Am Photo sehe ich nicht viel, aber wenn sich die Verbindungen der Lagen in der Schaufel auflösen ohne dass mech. Schäden erkennbar sind, dann ist das ein Garantiefall. Der Bereich ist kritisch, das ist den Herstellern bekannt. Also wenn sich der Ski dort auflöst und man kann das nicht auf einen Unfall zurückführen und er ist nicht uralt, dann kriegst neue.

----------


## maxthedude

sorry fürs schlechte foto - hab ich gestern am abend mitn handy gmacht da di digicam auch hin is  :Roll Eyes (Sarcastic):  
hier nochmal zwei wo mans hoffentlich besser sieht. bzw. is es das tail vom ski ned die schaufel vorne - also wirds vermutlich nicht einfach so abgesplittert sein ..  
werd am nachmittag mal zum skihändler meines vertrauens schaun vielleicht kann ma ja was machen.

----------


## noox

das schaut aber schon nach Krafteinwirkung aus.
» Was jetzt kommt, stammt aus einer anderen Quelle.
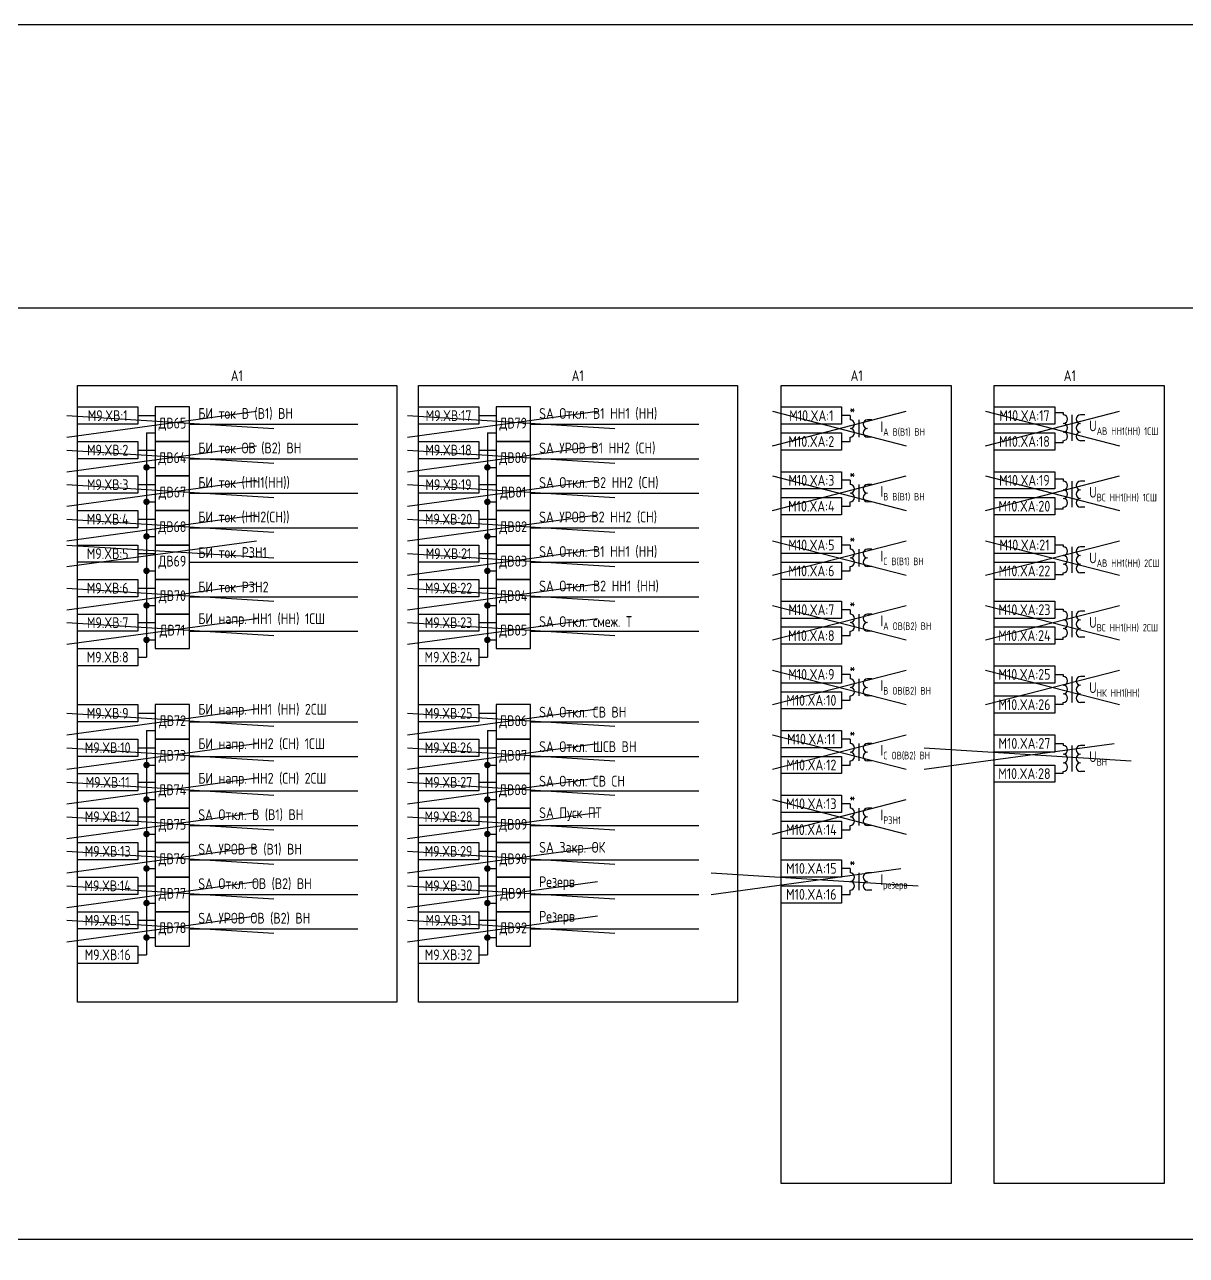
# Model space of a CAD drawing. Header units: millimetres. Extents: x -1117 to 4405, y -90 to 586.
# Drawn here: x -420 to -150.7, y 300.7 to 586 of the extents above; entities that cross this region are included whole.
import ezdxf

# ---------------------------------------------------------------- set-up
doc = ezdxf.new("R2010")
doc.units = ezdxf.units.MM
doc.styles.add('Gost_type_A', font='GOST_0.TTF')

# ---------------------------------------------------------------- blocks, each defined once
blk = doc.blocks.new('POINT')
at = {"const_width": 0.75}
blk.add_lwpolyline([(-0.375, 0, 1), (0.375, 0, 1)], format="xyb", close=True, dxfattribs=at)

msp = doc.modelspace()

# ---------------------------------------------------------------- linework, layer by layer
for p, q in [((-328.75, 502.36), (-254.75, 502.36)), ((-393.75, 495.36), (-389.75, 495.36)), ((-314.75, 495.36), (-310.75, 495.36)), ((-228.66, 495.36), (-230.66, 495.36)), ((-391.75, 491.36), (-389.75, 491.36)), ((-391.75, 491.36), (-391.75, 439.36)), ((-381.75, 493.36), (-342.75, 493.36)), ((-312.75, 491.36), (-310.75, 491.36)), ((-312.75, 491.36), (-312.75, 439.36)), ((-302.75, 493.36), (-263.75, 493.36)), ((-230.66, 489.36), (-228.66, 489.36)), ((-393.75, 487.36), (-389.75, 487.36)), ((-381.75, 485.36), (-342.75, 485.36)), ((-314.75, 487.36), (-310.75, 487.36)), ((-302.75, 485.36), (-263.75, 485.36)), ((-391.75, 483.36), (-389.75, 483.36)), ((-312.75, 483.36), (-310.75, 483.36)), ((-393.75, 479.36), (-389.75, 479.36)), ((-314.75, 479.36), (-310.75, 479.36)), ((-228.66, 480.36), (-230.66, 480.36)), ((-381.75, 477.36), (-342.75, 477.36)), ((-302.75, 477.36), (-263.75, 477.36)), ((-391.75, 475.36), (-389.75, 475.36)), ((-312.75, 475.36), (-310.75, 475.36)), ((-230.66, 474.36), (-228.66, 474.36)), ((-393.75, 471.36), (-389.75, 471.36)), ((-314.75, 471.36), (-310.75, 471.36)), ((-381.75, 469.36), (-342.75, 469.36)), ((-302.75, 469.36), (-263.75, 469.36)), ((-391.75, 467.36), (-389.75, 467.36)), ((-312.75, 467.36), (-310.75, 467.36)), ((-228.66, 465.36), (-230.66, 465.36)), ((-393.75, 463.36), (-389.75, 463.36)), ((-314.75, 463.36), (-310.75, 463.36)), ((-381.75, 461.36), (-342.75, 461.36)), ((-302.75, 461.36), (-263.75, 461.36)), ((-391.75, 459.36), (-389.75, 459.36)), ((-312.75, 459.36), (-310.75, 459.36)), ((-230.66, 459.36), (-228.66, 459.36)), ((-393.75, 455.36), (-389.75, 455.36)), ((-314.75, 455.36), (-310.75, 455.36)), ((-391.75, 451.36), (-389.75, 451.36)), ((-381.75, 453.36), (-342.75, 453.36)), ((-312.75, 451.36), (-310.75, 451.36)), ((-302.75, 453.36), (-263.75, 453.36)), ((-228.66, 450.36), (-230.66, 450.36)), ((-393.75, 447.36), (-389.75, 447.36)), ((-381.75, 445.36), (-342.75, 445.36)), ((-314.75, 447.36), (-310.75, 447.36)), ((-302.75, 445.36), (-263.75, 445.36)), ((-391.75, 443.36), (-389.75, 443.36)), ((-312.75, 443.36), (-310.75, 443.36)), ((-230.66, 444.36), (-228.66, 444.36)), ((-393.75, 439.36), (-391.75, 439.36)), ((-314.75, 439.36), (-312.75, 439.36)), ((-228.66, 435.36), (-230.66, 435.36)), ((-230.66, 429.36), (-228.66, 429.36)), ((-393.75, 426.36), (-389.75, 426.36)), ((-314.75, 426.36), (-310.75, 426.36)), ((-391.75, 422.36), (-389.75, 422.36)), ((-391.75, 422.36), (-391.75, 370.36)), ((-381.75, 424.36), (-342.75, 424.36)), ((-312.75, 422.36), (-310.75, 422.36)), ((-312.75, 422.36), (-312.75, 370.36)), ((-302.75, 424.36), (-263.75, 424.36)), ((-228.66, 420.36), (-230.66, 420.36)), ((-393.75, 418.36), (-389.75, 418.36)), ((-314.75, 418.36), (-310.75, 418.36)), ((-391.75, 414.36), (-389.75, 414.36)), ((-381.75, 416.36), (-342.75, 416.36)), ((-312.75, 414.36), (-310.75, 414.36)), ((-302.75, 416.36), (-263.75, 416.36)), ((-230.66, 414.36), (-228.66, 414.36)), ((-393.75, 410.36), (-389.75, 410.36)), ((-381.75, 408.36), (-342.75, 408.36)), ((-314.75, 410.36), (-310.75, 410.36)), ((-302.75, 408.36), (-263.75, 408.36)), ((-391.75, 406.36), (-389.75, 406.36)), ((-312.75, 406.36), (-310.75, 406.36)), ((-228.66, 405.36), (-230.66, 405.36)), ((-393.75, 402.36), (-389.75, 402.36)), ((-314.75, 402.36), (-310.75, 402.36)), ((-381.75, 400.36), (-342.75, 400.36)), ((-302.75, 400.36), (-263.75, 400.36)), ((-391.75, 398.36), (-389.75, 398.36)), ((-312.75, 398.36), (-310.75, 398.36)), ((-230.66, 399.36), (-228.66, 399.36)), ((-393.75, 394.36), (-389.75, 394.36)), ((-314.75, 394.36), (-310.75, 394.36)), ((-381.75, 392.36), (-342.75, 392.36)), ((-302.75, 392.36), (-263.75, 392.36)), ((-391.75, 390.36), (-389.75, 390.36)), ((-312.75, 390.36), (-310.75, 390.36)), ((-228.66, 390.37), (-230.66, 390.37)), ((-393.75, 386.36), (-389.75, 386.36)), ((-314.75, 386.36), (-310.75, 386.36)), ((-391.75, 382.36), (-389.75, 382.36)), ((-381.75, 384.36), (-342.75, 384.36)), ((-312.75, 382.36), (-310.75, 382.36)), ((-302.75, 384.36), (-263.75, 384.36)), ((-230.66, 384.37), (-228.66, 384.37)), ((-393.75, 378.36), (-389.75, 378.36)), ((-314.75, 378.36), (-310.75, 378.36)), ((-391.75, 374.36), (-389.75, 374.36)), ((-381.75, 376.36), (-342.75, 376.36)), ((-312.75, 374.36), (-310.75, 374.36)), ((-302.75, 376.36), (-263.75, 376.36)), ((-393.75, 370.36), (-391.75, 370.36)), ((-314.75, 370.36), (-312.75, 370.36))]:
    msp.add_line(p, q)
at = {"color": 6}
for p, q in [((-410.23, 490.36), (-366.23, 496.36)), ((-410.23, 495.36), (-362.23, 492.36)), ((-331.23, 490.36), (-287.23, 496.36)), ((-331.23, 495.36), (-283.23, 492.36)), ((-246.66, 496.36), (-215.66, 488.36)), ((-246.66, 488.36), (-215.66, 496.36)), ((-197.27, 496.36), (-166.27, 488.36)), ((-197.27, 488.36), (-166.27, 496.36)), ((-410.23, 482.36), (-366.23, 488.36)), ((-331.23, 482.36), (-287.23, 488.36)), ((-410.23, 487.36), (-362.23, 484.36)), ((-331.23, 487.36), (-283.23, 484.36)), ((-410.23, 474.36), (-366.23, 480.36)), ((-410.23, 479.36), (-362.23, 476.36)), ((-331.23, 474.36), (-287.23, 480.36)), ((-331.23, 479.36), (-283.23, 476.36)), ((-246.66, 481.36), (-215.66, 473.36)), ((-246.66, 473.36), (-215.66, 481.36)), ((-197.27, 481.36), (-166.27, 473.36)), ((-197.27, 473.36), (-166.27, 481.36)), ((-410.23, 466.36), (-366.23, 472.36)), ((-410.23, 471.36), (-362.23, 468.36)), ((-331.23, 466.36), (-287.23, 472.36)), ((-331.23, 471.36), (-283.23, 468.36)), ((-410.23, 460.36), (-366.23, 466.36)), ((-410.23, 465.36), (-362.23, 462.36)), ((-246.66, 466.36), (-215.66, 458.36)), ((-246.66, 458.36), (-215.66, 466.36)), ((-197.27, 466.36), (-166.27, 458.36)), ((-197.27, 458.36), (-166.27, 466.36)), ((-331.23, 458.36), (-287.23, 464.36)), ((-331.23, 463.36), (-283.23, 460.36)), ((-410.23, 450.36), (-366.23, 456.36)), ((-410.23, 455.36), (-362.23, 452.36)), ((-331.23, 450.36), (-287.23, 456.36)), ((-331.23, 455.36), (-283.23, 452.36)), ((-246.66, 451.36), (-215.66, 443.36)), ((-246.66, 443.36), (-215.66, 451.36)), ((-197.27, 451.36), (-166.27, 443.36)), ((-197.27, 443.36), (-166.27, 451.36)), ((-410.23, 442.36), (-366.23, 448.36)), ((-331.23, 442.36), (-287.23, 448.36)), ((-410.23, 447.36), (-362.23, 444.36)), ((-331.23, 447.36), (-283.23, 444.36)), ((-246.66, 436.36), (-215.66, 428.36)), ((-246.66, 428.36), (-215.66, 436.36)), ((-197.27, 436.36), (-166.27, 428.36)), ((-197.27, 428.36), (-166.27, 436.36)), ((-410.23, 421.36), (-366.23, 427.36)), ((-410.23, 426.36), (-362.23, 423.36)), ((-331.23, 421.36), (-287.23, 427.36)), ((-331.23, 426.36), (-283.23, 423.36)), ((-246.66, 421.36), (-215.66, 413.36)), ((-246.66, 413.36), (-215.66, 421.36)), ((-410.23, 413.36), (-366.23, 419.36)), ((-410.23, 418.36), (-362.23, 415.36)), ((-331.23, 413.36), (-287.23, 419.36)), ((-331.23, 418.36), (-283.23, 415.36)), ((-410.23, 405.36), (-366.23, 411.36)), ((-331.23, 405.36), (-287.23, 411.36)), ((-410.23, 410.36), (-362.23, 407.36)), ((-331.23, 410.36), (-283.23, 407.36)), ((-246.66, 406.36), (-215.66, 398.36)), ((-246.66, 398.36), (-215.66, 406.36)), ((-410.23, 397.36), (-366.23, 403.36)), ((-410.23, 402.36), (-362.23, 399.36)), ((-331.23, 397.36), (-287.23, 403.36)), ((-331.23, 402.36), (-283.23, 399.36)), ((-410.23, 389.36), (-366.23, 395.36)), ((-410.23, 394.36), (-362.23, 391.36)), ((-331.23, 389.36), (-287.23, 395.36)), ((-331.23, 394.36), (-283.23, 391.36)), ((-410.23, 381.36), (-366.23, 387.36)), ((-410.23, 386.36), (-362.23, 383.36)), ((-331.23, 381.36), (-287.23, 387.36)), ((-331.23, 386.36), (-283.23, 383.36)), ((-410.23, 373.36), (-366.23, 379.36)), ((-410.23, 378.36), (-362.23, 375.36)), ((-331.23, 373.36), (-287.23, 379.36)), ((-331.23, 378.36), (-283.23, 375.36))]:
    msp.add_line(p, q, dxfattribs=at)
at = {"ltscale": 4}
for p, q in [((-228.66, 495.36), (-228.66, 494.36)), ((-228.66, 494.86), (-228.66, 494.36)), ((-226.66, 494.36), (-226.66, 490.36)), ((-226.66, 494.36), (-226.66, 490.36)), ((-223.66, 494.36), (-224.66, 494.36)), ((-223.66, 494.36), (-224.66, 494.36)), ((-181.27, 496.05), (-179.27, 496.05)), ((-179.27, 496.05), (-179.27, 495.55)), ((-179.27, 496.05), (-179.27, 495.55)), ((-177.27, 495.55), (-177.27, 491.55)), ((-174.27, 495.55), (-175.27, 495.55)), ((-177.27, 493.55), (-177.27, 489.55)), ((-228.66, 489.36), (-228.66, 490.36)), ((-223.66, 490.36), (-224.66, 490.36)), ((-223.66, 490.36), (-224.66, 490.36)), ((-179.27, 489.05), (-181.27, 489.05)), ((-179.27, 489.05), (-179.27, 489.55)), ((-174.27, 489.55), (-175.27, 489.55)), ((-228.66, 480.36), (-228.66, 479.36)), ((-228.66, 479.86), (-228.66, 479.36)), ((-226.66, 479.36), (-226.66, 475.36)), ((-226.66, 479.36), (-226.66, 475.36)), ((-223.66, 479.36), (-224.66, 479.36)), ((-223.66, 479.36), (-224.66, 479.36)), ((-181.27, 480.67), (-179.27, 480.67)), ((-179.27, 480.67), (-179.27, 480.17)), ((-179.27, 480.67), (-179.27, 480.17)), ((-177.27, 480.17), (-177.27, 476.17)), ((-174.27, 480.17), (-175.27, 480.17)), ((-177.27, 478.17), (-177.27, 474.17)), ((-228.66, 474.36), (-228.66, 475.36)), ((-223.66, 475.36), (-224.66, 475.36)), ((-223.66, 475.36), (-224.66, 475.36)), ((-179.27, 473.67), (-181.27, 473.67)), ((-179.27, 473.67), (-179.27, 474.17)), ((-174.27, 474.17), (-175.27, 474.17)), ((-228.66, 465.36), (-228.66, 464.36)), ((-181.27, 465.44), (-179.27, 465.44)), ((-179.27, 465.44), (-179.27, 464.94)), ((-179.27, 465.44), (-179.27, 464.94)), ((-228.66, 464.86), (-228.66, 464.36)), ((-226.66, 464.36), (-226.66, 460.36)), ((-226.66, 464.36), (-226.66, 460.36)), ((-223.66, 464.36), (-224.66, 464.36)), ((-223.66, 464.36), (-224.66, 464.36)), ((-177.27, 464.94), (-177.27, 460.94)), ((-177.27, 462.94), (-177.27, 458.94)), ((-174.27, 464.94), (-175.27, 464.94)), ((-228.66, 459.36), (-228.66, 460.36)), ((-223.66, 460.36), (-224.66, 460.36)), ((-223.66, 460.36), (-224.66, 460.36)), ((-179.27, 458.44), (-181.27, 458.44)), ((-179.27, 458.44), (-179.27, 458.94)), ((-174.27, 458.94), (-175.27, 458.94)), ((-228.66, 450.36), (-228.66, 449.36)), ((-228.66, 449.86), (-228.66, 449.36)), ((-226.66, 449.36), (-226.66, 445.36)), ((-226.66, 449.36), (-226.66, 445.36)), ((-223.66, 449.36), (-224.66, 449.36)), ((-223.66, 449.36), (-224.66, 449.36)), ((-181.27, 450.49), (-179.27, 450.49)), ((-179.27, 450.49), (-179.27, 449.99)), ((-179.27, 450.49), (-179.27, 449.99)), ((-177.27, 449.99), (-177.27, 445.99)), ((-177.27, 447.99), (-177.27, 443.99)), ((-174.27, 449.99), (-175.27, 449.99)), ((-228.66, 444.36), (-228.66, 445.36)), ((-223.66, 445.36), (-224.66, 445.36)), ((-223.66, 445.36), (-224.66, 445.36)), ((-179.27, 443.49), (-181.27, 443.49)), ((-179.27, 443.49), (-179.27, 443.99)), ((-174.27, 443.99), (-175.27, 443.99)), ((-228.66, 435.36), (-228.66, 434.36)), ((-228.66, 434.86), (-228.66, 434.36)), ((-226.66, 434.36), (-226.66, 430.36)), ((-226.66, 434.36), (-226.66, 430.36)), ((-223.66, 434.36), (-224.66, 434.36)), ((-223.66, 434.36), (-224.66, 434.36)), ((-181.27, 435.36), (-179.27, 435.36)), ((-179.27, 435.36), (-179.27, 434.86)), ((-179.27, 435.36), (-179.27, 434.86)), ((-177.27, 434.86), (-177.27, 430.86)), ((-174.27, 434.86), (-175.27, 434.86)), ((-177.27, 432.86), (-177.27, 428.86)), ((-228.66, 429.36), (-228.66, 430.36)), ((-223.66, 430.36), (-224.66, 430.36)), ((-223.66, 430.36), (-224.66, 430.36)), ((-179.27, 428.36), (-181.27, 428.36)), ((-179.27, 428.36), (-179.27, 428.86)), ((-174.27, 428.86), (-175.27, 428.86)), ((-228.66, 420.36), (-228.66, 419.36)), ((-228.66, 419.86), (-228.66, 419.36)), ((-226.66, 419.36), (-226.66, 415.36)), ((-226.66, 419.36), (-226.66, 415.36)), ((-223.66, 419.36), (-224.66, 419.36)), ((-223.66, 419.36), (-224.66, 419.36)), ((-181.27, 419.36), (-179.27, 419.36)), ((-179.27, 419.36), (-179.27, 418.86)), ((-179.27, 419.36), (-179.27, 418.86)), ((-177.27, 418.86), (-177.27, 414.86)), ((-177.27, 416.86), (-177.27, 412.86)), ((-174.27, 418.86), (-175.27, 418.86)), ((-228.66, 414.36), (-228.66, 415.36)), ((-223.66, 415.36), (-224.66, 415.36)), ((-223.66, 415.36), (-224.66, 415.36)), ((-179.27, 412.36), (-181.27, 412.36)), ((-179.27, 412.36), (-179.27, 412.86)), ((-174.27, 412.86), (-175.27, 412.86)), ((-228.66, 405.36), (-228.66, 404.36)), ((-228.66, 404.86), (-228.66, 404.36)), ((-226.66, 404.36), (-226.66, 400.36)), ((-226.66, 404.36), (-226.66, 400.36)), ((-223.66, 404.36), (-224.66, 404.36)), ((-223.66, 404.36), (-224.66, 404.36)), ((-228.66, 399.36), (-228.66, 400.36)), ((-223.66, 400.36), (-224.66, 400.36)), ((-223.66, 400.36), (-224.66, 400.36)), ((-228.66, 390.37), (-228.66, 389.37)), ((-228.66, 389.87), (-228.66, 389.37)), ((-226.66, 389.37), (-226.66, 385.37)), ((-226.66, 389.37), (-226.66, 385.37)), ((-223.66, 389.37), (-224.66, 389.37)), ((-223.66, 389.37), (-224.66, 389.37)), ((-228.66, 384.37), (-228.66, 385.37)), ((-223.66, 385.37), (-224.66, 385.37)), ((-223.66, 385.37), (-224.66, 385.37))]:
    msp.add_line(p, q, dxfattribs=at)
at = {"color": 3}
for p, q in [((-211.52, 413.36), (-167.52, 419.36)), ((-211.52, 418.36), (-163.52, 415.36)), ((-260.92, 384.37), (-216.92, 390.37)), ((-260.92, 389.37), (-212.92, 386.37))]:
    msp.add_line(p, q, dxfattribs=at)
for points in [[(-1117.42, 586), (4404.54, 586), (4404.54, -90), (-1117.42, -90)], [(-1050, 520.36), (150.29, 520.36), (150.29, 304.36), (-1050, 304.36)], [(-407.75, 502.36), (-333.75, 502.36), (-333.75, 359.36), (-407.75, 359.36)], [(-328.75, 502.36), (-254.75, 502.36), (-254.75, 359.36), (-328.75, 359.36)], [(-244.66, 502.36), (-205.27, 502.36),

Oder es ist von selbst aufgegangen und dadurch dann irgendwo hängengeblieben, sodass es dann so ausgerissen ist.

----------


## maxthedude

ja es sieht nach krafteinwirkung aus - ich kann halt leider echt nicht sagen wann und wie es passiert sein soll .. keine gröberen schläge abgekommen oder sonst etwas. 

jedenfalls war ich beim händler - der hat mit völkl telefoniert und die haben gmeint das der ski mal eingeschickt wird. mal sehen was rauskommt, mittwoch sollt ich ein update bekommen.

----------


## georg

Schaut mir eher nach der Theorie  "gelöst-hängengeblieben-weggerissen" aus. Aber jetzt kann man eh nur noch abwarten. Hoffe, du hast Ersatzski.  :Confused:

----------


## maxthedude

neuer ski ist gerade beim händler eingetroffen  :Mr. Yellow:  
also wurde vom völkl service ohne weitere fragen gegen ein 2011er modell ausgetauscht

----------


## georg

:Way To Go:  So solls sein!  :Smile:

----------